# VW GOLF MK4 Brakes make clinking sound - front left



## kapsalis (Sep 25, 2004)

I own a vw golf 99 mk4. I replaced the brakes with ceramic brakes. Everything went smooth until i was driving today and i hit a small bump. i heard a clinking sound. I stopped and kicked the drivers tire and the inside brake pad is loose. It sit in place but when i kick the tire or hit a bump while driving it rattles. 
Whats wrong with this? 
any ideas on how to fix this
The two screws holding the caliper in place are tight. the outside brake pad is tight but the inside one is loose - it wiggles and makes sounds when you hit a bump.
Any ideas?
please i need this uglyness fixed! 































_Modified by kapsalis at 1:31 PM 9-4-2009_


----------



## germancarnut51 (Mar 23, 2008)

*Re: VW GOLF MK4 Brakes make clinking sound - front left (kapsalis)*

When you replaced the brake pads, did you inspect and lubricate the slide pins?
Sounds to me like they're seized.


----------



## kapsalis (Sep 25, 2004)

*Re: VW GOLF MK4 Brakes make clinking sound - front left (germancarnut51)*

I can see them come out the other end both at same level as the other side.


----------



## dosmas (May 16, 2007)

*Re: VW GOLF MK4 Brakes make clinking sound - front left (kapsalis)*

is the caliper spring/clip on?


----------



## kapsalis (Sep 25, 2004)

*Re: VW GOLF MK4 Brakes make clinking sound - front left (dosmas)*

my brakes did not have a spring clip? should a VW GOLF 99 mk4 body style 2.0 engine - have a spring clip? anyone else know?


----------



## DC Jetta Guy (Jul 31, 2004)

*Re: VW GOLF MK4 Brakes make clinking sound - front left (kapsalis)*

You should have saved the anti-rattle shims from the backs of your original pads and/or the replacement pads should have come with their own shims.


----------



## kapsalis (Sep 25, 2004)

i did some investgationg and i noticed the spindle for the bottom screw is stripped and the screw wobbles a little bit causing the pad to be loose. when i hold it tight with my arm the pad doesnt not move. any way to repair this spindle?


----------



## germancarnut51 (Mar 23, 2008)

*Re: (kapsalis)*

The spindle as you are calling it is probable the lower slide pin. You say it's stripped? You do know that you have to hold it with thin wrench at the front of the caliper carrier to tighten it up, right? The bolt cannot be tightened, without holding the pin.


----------



## kapsalis (Sep 25, 2004)

*Re: (germancarnut51)*

I double checked the slider pin has no way to be held.
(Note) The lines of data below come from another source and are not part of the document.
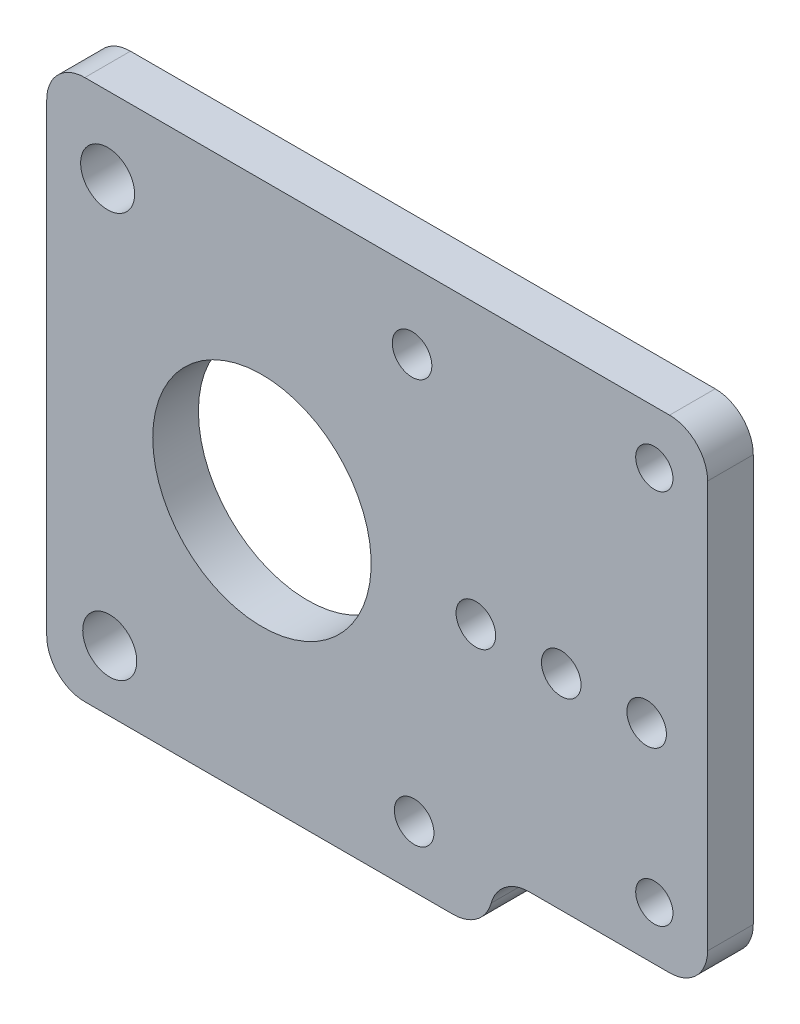
ISO-10303-21;
HEADER;
FILE_DESCRIPTION(('STEP AP214'),'2;1');
FILE_NAME('part.step','',(''),(''),'','','');
FILE_SCHEMA(('AUTOMOTIVE_DESIGN { 1 0 10303 214 1 1 1 1 }'));
ENDSEC;
DATA;
#1=APPLICATION_CONTEXT('core data for automotive mechanical design processes');
#2=APPLICATION_PROTOCOL_DEFINITION('international standard','automotive_design',2000,#1);
#3=PRODUCT_CONTEXT('',#1,'mechanical');
#4=PRODUCT('Part','Part','',(#3));
#5=PRODUCT_RELATED_PRODUCT_CATEGORY('part','',(#4));
#6=PRODUCT_DEFINITION_FORMATION('','',#4);
#7=PRODUCT_DEFINITION_CONTEXT('part definition',#1,'design');
#8=PRODUCT_DEFINITION('design','',#6,#7);
#9=PRODUCT_DEFINITION_SHAPE('','',#8);
#10=(LENGTH_UNIT() NAMED_UNIT(*) SI_UNIT(.MILLI.,.METRE.));
#11=(NAMED_UNIT(*) PLANE_ANGLE_UNIT() SI_UNIT($,.RADIAN.));
#12=(NAMED_UNIT(*) SI_UNIT($,.STERADIAN.) SOLID_ANGLE_UNIT());
#13=UNCERTAINTY_MEASURE_WITH_UNIT(LENGTH_MEASURE(1.E-05),#10,'distance_accuracy_value','');
#14=(GEOMETRIC_REPRESENTATION_CONTEXT(3) GLOBAL_UNCERTAINTY_ASSIGNED_CONTEXT((#13)) GLOBAL_UNIT_ASSIGNED_CONTEXT((#10,
#11,#12)) REPRESENTATION_CONTEXT('',''));
#15=CARTESIAN_POINT('',(0.,0.,0.));
#16=DIRECTION('',(0.,0.,1.));
#17=DIRECTION('',(1.,0.,0.));
#18=AXIS2_PLACEMENT_3D('',#15,#16,#17);
#19=CARTESIAN_POINT('',(-88.6401204237906,5.27683802928733,0.));
#20=DIRECTION('',(0.,0.,-1.));
#21=DIRECTION('',(-0.962462072065142,0.271416211446687,0.));
#22=AXIS2_PLACEMENT_3D('',#19,#20,#21);
#23=CYLINDRICAL_SURFACE('',#22,5.19500990752972);
#24=CARTESIAN_POINT('',(-88.6401204237906,5.27683802928733,0.));
#25=DIRECTION('',(0.,0.,-1.));
#26=DIRECTION('',(-0.962462072065142,0.271416211446688,0.));
#27=AXIS2_PLACEMENT_3D('',#24,#25,#26);
#28=CIRCLE('',#27,5.19500990752972);
#29=CARTESIAN_POINT('',(-93.6401204237906,6.68684793681706,0.));
#30=VERTEX_POINT('',#29);
#31=CARTESIAN_POINT('',(-88.6401204237906,10.4718479368171,0.));
#32=VERTEX_POINT('',#31);
#33=EDGE_CURVE('E278',#30,#32,#28,.T.);
#34=ORIENTED_EDGE('',*,*,#33,.T.);
#35=DIRECTION('',(0.,0.,1.));
#36=VECTOR('',#35,1.);
#37=CARTESIAN_POINT('',(-88.6401204237906,10.4718479368171,0.));
#38=LINE('',#37,#36);
#39=CARTESIAN_POINT('',(-88.6401204237906,10.4718479368171,6.));
#40=VERTEX_POINT('',#39);
#41=EDGE_CURVE('E11',#32,#40,#38,.T.);
#42=ORIENTED_EDGE('',*,*,#41,.T.);
#43=CARTESIAN_POINT('',(-88.6401204237906,5.27683802928733,6.));
#44=DIRECTION('',(0.,0.,-1.));
#45=DIRECTION('',(-0.962462072065142,0.271416211446688,0.));
#46=AXIS2_PLACEMENT_3D('',#43,#44,#45);
#47=CIRCLE('',#46,5.19500990752972);
#48=CARTESIAN_POINT('',(-93.6401204237906,6.68684793681706,6.));
#49=VERTEX_POINT('',#48);
#50=EDGE_CURVE('E257',#49,#40,#47,.T.);
#51=ORIENTED_EDGE('',*,*,#50,.F.);
#52=DIRECTION('',(0.,0.,1.));
#53=VECTOR('',#52,1.);
#54=CARTESIAN_POINT('',(-93.6401204237906,6.68684793681706,0.));
#55=LINE('',#54,#53);
#56=EDGE_CURVE('E273',#30,#49,#55,.T.);
#57=ORIENTED_EDGE('',*,*,#56,.F.);
#58=EDGE_LOOP('',(#34,#42,#51,#57));
#59=FACE_BOUND('',#58,.T.);
#60=ADVANCED_FACE('F16',(#59),#23,.F.);
#61=CARTESIAN_POINT('',(-88.6401204237906,10.4718479368171,0.));
#62=DIRECTION('',(0.,-1.,0.));
#63=DIRECTION('',(-1.,0.,0.));
#64=AXIS2_PLACEMENT_3D('',#61,#62,#63);
#65=PLANE('',#64);
#66=DIRECTION('',(1.,0.,0.));
#67=VECTOR('',#66,1.);
#68=CARTESIAN_POINT('',(-88.6401204237906,10.4718479368171,0.));
#69=LINE('',#68,#67);
#70=CARTESIAN_POINT('',(-70.2039629975671,10.4718479368171,0.));
#71=VERTEX_POINT('',#70);
#72=EDGE_CURVE('E275',#32,#71,#69,.T.);
#73=ORIENTED_EDGE('',*,*,#72,.T.);
#74=DIRECTION('',(0.,0.,1.));
#75=VECTOR('',#74,1.);
#76=CARTESIAN_POINT('',(-70.2039629975671,10.4718479368171,0.));
#77=LINE('',#76,#75);
#78=CARTESIAN_POINT('',(-70.2039629975671,10.4718479368171,6.));
#79=VERTEX_POINT('',#78);
#80=EDGE_CURVE('E27',#71,#79,#77,.T.);
#81=ORIENTED_EDGE('',*,*,#80,.T.);
#82=DIRECTION('',(1.,0.,0.));
#83=VECTOR('',#82,1.);
#84=CARTESIAN_POINT('',(-88.6401204237906,10.4718479368171,6.));
#85=LINE('',#84,#83);
#86=EDGE_CURVE('E260',#40,#79,#85,.T.);
#87=ORIENTED_EDGE('',*,*,#86,.F.);
#88=ORIENTED_EDGE('',*,*,#41,.F.);
#89=EDGE_LOOP('',(#73,#81,#87,#88));
#90=FACE_BOUND('',#89,.T.);
#91=ADVANCED_FACE('F450',(#90),#65,.T.);
#92=CARTESIAN_POINT('',(-70.2039629975671,15.4718479368171,0.));
#93=DIRECTION('',(0.,0.,1.));
#94=DIRECTION('',(0.,-1.,0.));
#95=AXIS2_PLACEMENT_3D('',#92,#93,#94);
#96=CYLINDRICAL_SURFACE('',#95,5.);
#97=CARTESIAN_POINT('',(-70.2039629975671,15.4718479368171,0.));
#98=DIRECTION('',(0.,0.,1.));
#99=DIRECTION('',(0.,-1.,0.));
#100=AXIS2_PLACEMENT_3D('',#97,#98,#99);
#101=CIRCLE('',#100,5.);
#102=CARTESIAN_POINT('',(-65.2039629975671,15.4718479368171,0.));
#103=VERTEX_POINT('',#102);
#104=EDGE_CURVE('E279',#71,#103,#101,.T.);
#105=ORIENTED_EDGE('',*,*,#104,.T.);
#106=DIRECTION('',(0.,0.,1.));
#107=VECTOR('',#106,1.);
#108=CARTESIAN_POINT('',(-65.2039629975671,15.4718479368171,0.));
#109=LINE('',#108,#107);
#110=CARTESIAN_POINT('',(-65.2039629975671,15.4718479368171,6.));
#111=VERTEX_POINT('',#110);
#112=EDGE_CURVE('E146',#103,#111,#109,.T.);
#113=ORIENTED_EDGE('',*,*,#112,.T.);
#114=CARTESIAN_POINT('',(-70.2039629975671,15.4718479368171,6.));
#115=DIRECTION('',(0.,0.,1.));
#116=DIRECTION('',(0.,-1.,0.));
#117=AXIS2_PLACEMENT_3D('',#114,#115,#116);
#118=CIRCLE('',#117,5.);
#119=EDGE_CURVE('E289',#79,#111,#118,.T.);
#120=ORIENTED_EDGE('',*,*,#119,.F.);
#121=ORIENTED_EDGE('',*,*,#80,.F.);
#122=EDGE_LOOP('',(#105,#113,#120,#121));
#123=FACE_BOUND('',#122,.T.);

When I did the back brakes this was true. but for the front brakes it just a slider bolt with a Alley wrench socket.


----------



## soupercoupe (Jan 30, 2015)

I have this same problem though this is a late post what does it matter if it has some value to someone in the future!!
anyways my situation is the pad that attaches to piston side is loose and rattles around in its pocket, the problem is the pad ear guides or the pad ears itself is loose, could be a poorly designed pads, loose in tolerances, I feel the caliper is okay and that its just poorly made pads being too lose in the guides. plus there is a three finger clip to help lock into place within the caliper piston but they become loose or again poorly designed, need to find better pads or inspect caliper for loose pad ear quides.


----------



## htr (Dec 22, 2014)

You need to be taking all the Slide pins out and replacing or at least cleaning them very well and greasing them with high quality grease when you do a brake job. Also anywhere the back of the brake pads contact the caliper needs to be greased. This includes where the piston contacts the pad. Also the "ears" on the pad and where they slide back and forth on the caliper. Anywhere metel contacts the pad even the edge of the pad( obviously not on the pad braking compound)If not they're gonna make noise, wear uneven and yes the grease even helps the pads from rattling around. Basically any contact points between the pad and any part of the caliper. There are a lot of people who work on cars everyday and can't even do a proper brake job. A lot dont even do proper bed in . They take the car for a ride come to a few stops and think it's good to go and maybe take an easy the first few miles until they brake hard. What a shame and waste of $$ when they're brakes last half as long and only ever work half as good as they should.


----------



## htr (Dec 22, 2014)

kapsalis said:


> i did some investgationg and i noticed the spindle for the bottom screw is stripped and the screw wobbles a little bit causing the pad to be loose. when i hold it tight with my arm the pad doesnt not move. any way to repair this spindle?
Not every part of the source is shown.